4. Hancurkan Masa Depan

Dampak kenakalan remaja yaitu menghancurkan masa depan pelakunya. Dimana masa-masa muda merupakan masa seseorang memiliki energi yang begitu besar yang seharusnya dioptimalkan untuk pengembangan diri.

Orang-orang sukses umumnya mereka yang dapat mengoptimalkan masa mudanya dengan sebaik mungkin.

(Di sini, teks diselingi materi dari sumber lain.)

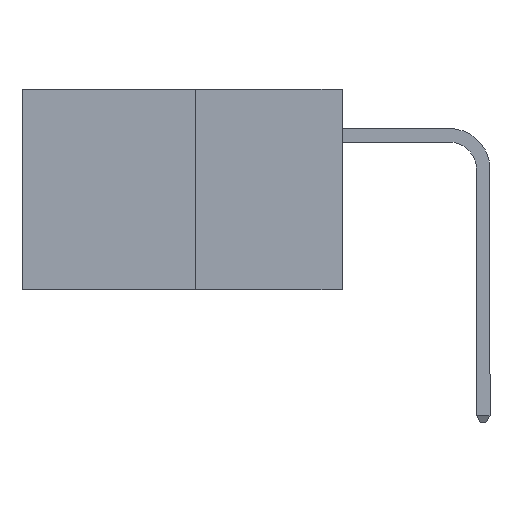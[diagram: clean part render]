
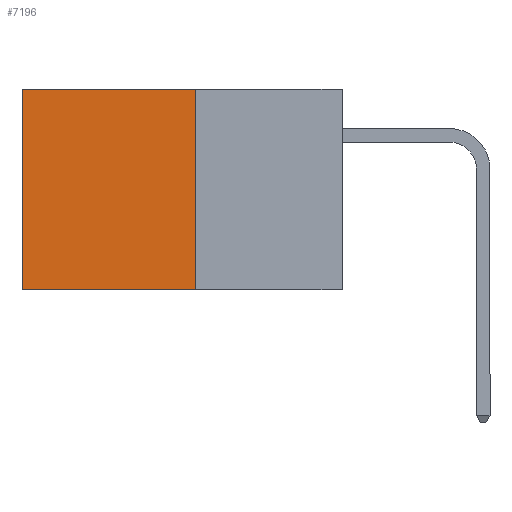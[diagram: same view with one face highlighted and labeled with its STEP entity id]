
A CAD part, left-side view. The second image highlights one B-rep face of the part: STEP entity #7196.
In plain terms, the highlighted planar face has unit normal (-1, 0, 0).
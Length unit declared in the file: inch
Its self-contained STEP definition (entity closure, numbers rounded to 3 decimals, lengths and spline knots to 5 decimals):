
#14 = CARTESIAN_POINT ( 'NONE',  ( 0.277, 0.59, 0. ) ) ;
#1185 = EDGE_CURVE ( 'NONE', #1357, #7241, #12065, .T. ) ;
#1357 = VERTEX_POINT ( 'NONE', #14 ) ;
#1960 = EDGE_CURVE ( 'NONE', #4572, #1357, #9873, .T. ) ;
#2194 = DIRECTION ( 'NONE',  ( 0., 0., -1. ) ) ;
#2530 = CARTESIAN_POINT ( 'NONE',  ( 0.277, 0.27, -0.37 ) ) ;
#2628 = EDGE_CURVE ( 'NONE', #4572, #9216, #10435, .T. ) ;
#3392 = VECTOR ( 'NONE', #6289, 39.37008 ) ;
#3978 = CARTESIAN_POINT ( 'NONE',  ( 0.277, 0.27, -0.37 ) ) ;
#4338 = VECTOR ( 'NONE', #11624, 39.37008 ) ;
#4572 = VERTEX_POINT ( 'NONE', #15927 ) ;
#5369 = EDGE_CURVE ( 'NONE', #9216, #7241, #14315, .T. ) ;
#6152 = ORIENTED_EDGE ( 'NONE', *, *, #1185, .T. ) ;
#6171 = ORIENTED_EDGE ( 'NONE', *, *, #5369, .F. ) ;
#6193 = VECTOR ( 'NONE', #2194, 39.37008 ) ;
#6217 = AXIS2_PLACEMENT_3D ( 'NONE', #8095, #7969, #7915 ) ;
#6277 = ORIENTED_EDGE ( 'NONE', *, *, #2628, .F. ) ;
#6289 = DIRECTION ( 'NONE',  ( 0., 0., -1. ) ) ;
#6339 = EDGE_LOOP ( 'NONE', ( #6152, #6171, #6277, #6447 ) ) ;
#6447 = ORIENTED_EDGE ( 'NONE', *, *, #1960, .T. ) ;
#6543 = VECTOR ( 'NONE', #13969, 39.37008 ) ;
#6955 = CARTESIAN_POINT ( 'NONE',  ( 0.277, 0.59, -0.37 ) ) ;
#7196 = ADVANCED_FACE ( 'NONE', ( #8186 ), #8166, .F. ) ;
#7241 = VERTEX_POINT ( 'NONE', #7272 ) ;
#7272 = CARTESIAN_POINT ( 'NONE',  ( 0.277, 0.59, -0.37 ) ) ;
#7915 = DIRECTION ( 'NONE',  ( 0., 0., -1. ) ) ;
#7969 = DIRECTION ( 'NONE',  ( 1., 0., 0. ) ) ;
#8095 = CARTESIAN_POINT ( 'NONE',  ( 0.277, 0.27, -0.37 ) ) ;
#8166 = PLANE ( 'NONE',  #6217 ) ;
#8186 = FACE_OUTER_BOUND ( 'NONE', #6339, .T. ) ;
#9216 = VERTEX_POINT ( 'NONE', #2530 ) ;
#9873 = LINE ( 'NONE', #11307, #6543 ) ;
#10435 = LINE ( 'NONE', #3978, #3392 ) ;
#11307 = CARTESIAN_POINT ( 'NONE',  ( 0.277, 0.27, 0. ) ) ;
#11624 = DIRECTION ( 'NONE',  ( 0., 1., 0. ) ) ;
#12065 = LINE ( 'NONE', #6955, #6193 ) ;
#12159 = CARTESIAN_POINT ( 'NONE',  ( 0.277, 0.27, -0.37 ) ) ;
#13969 = DIRECTION ( 'NONE',  ( 0., 1., 0. ) ) ;
#14315 = LINE ( 'NONE', #12159, #4338 ) ;
#15927 = CARTESIAN_POINT ( 'NONE',  ( 0.277, 0.27, 0. ) ) ;

Adapun jika seorang pemuda menghabiskan waktunya untuk melakukan hal yang sia-sia, maka sangat disayangkan karena dia bakal gagal untuk mencapai potensinya.

5. Sikap Buruk

Kenakalan remaja akan melahirkan sikap yang buruk, ini sangat berbahaya karena sikap buruknya bisa terus terbawa hingga dewasa, misalnya sering keceplosan bicara kotor, attitude rendah, tak bisa menghargai pihak lain dll.

Kalau begini jadinya, nantinya dia bakal kesulitan untuk bergaul dan berkompetisi di masyarakat, ini membuat masa depannya begitu suram.

6. Tidak Percaya Diri

Para remaja yang hidup dan tumbuh dalam dunia kenakalan remaja biasanya bakal terisolasi, termasuk jarang berinteraksi dengan masyarakat sekitar, dampaknya si Remaja akan tumbuh dengan kepercayaan diri rendah, padahal menumbuhkan keyakinan diri menjadi dasar seorang anak tumbuh optimal.

Belum lagi jika dia mendapatkan stigma negatif dari lingkungan perumahannya maka keadaan akan semakin buruk. Situasi seperti ini bahkan bisa mengakibatkan remaja depresi.

7. Merusak Keamanan

Kenakalan remaja seringkali sampai tahap melakukan aksi kriminalitas seperti pembegalan, geng motor, klitih dan semacamnya. Jika tindakan buruk remaja sudah sampai tahap itu, maka menyebabkan terganggunya keamanan dan kenyamanan masyarakat.

Karena kondisi yang tidak stabil atau tidak aman, hal ini menyebabkan orang-orang takut untuk keluar saat malam hari.

8. Social Influence Buruk

Menjamurnya kenakalan remaja dapat menyebabkan rusaknya sebuah generasi secara keseluruhan, hal itu karena kenakalan remaja dapat menular.

Jika kenakalan remaja sudah meraja-lela maka sangat dikhawatirkan ini dapat 'menulari' remaja lainnya secara keseluruhan, sehingga semakin banyak remaja yang masuk ke 'lubang hitam' dan itu artinya negara ini dalam bahaya karena generasi penerus yang rusak.

Contoh Kenakalan Remaja

  1. Membolos sekolah.
  2. Balapan liar di tengah jalan raya.
  3. Mengkonsumsi minuman keras.
  4. Tawuran antar pelajar sekolah.
  5. Tawuran antar kampung.
  6. Perilaku seks bebas.
  7. Hamil di luar nikah.
  8. Penggunaan narkoba.
  9. Pencurian, begal dan semacamnya.
  10. Vandalisme yaitu mencorat-coret bangunan milik orang lain dan fasilitas umum.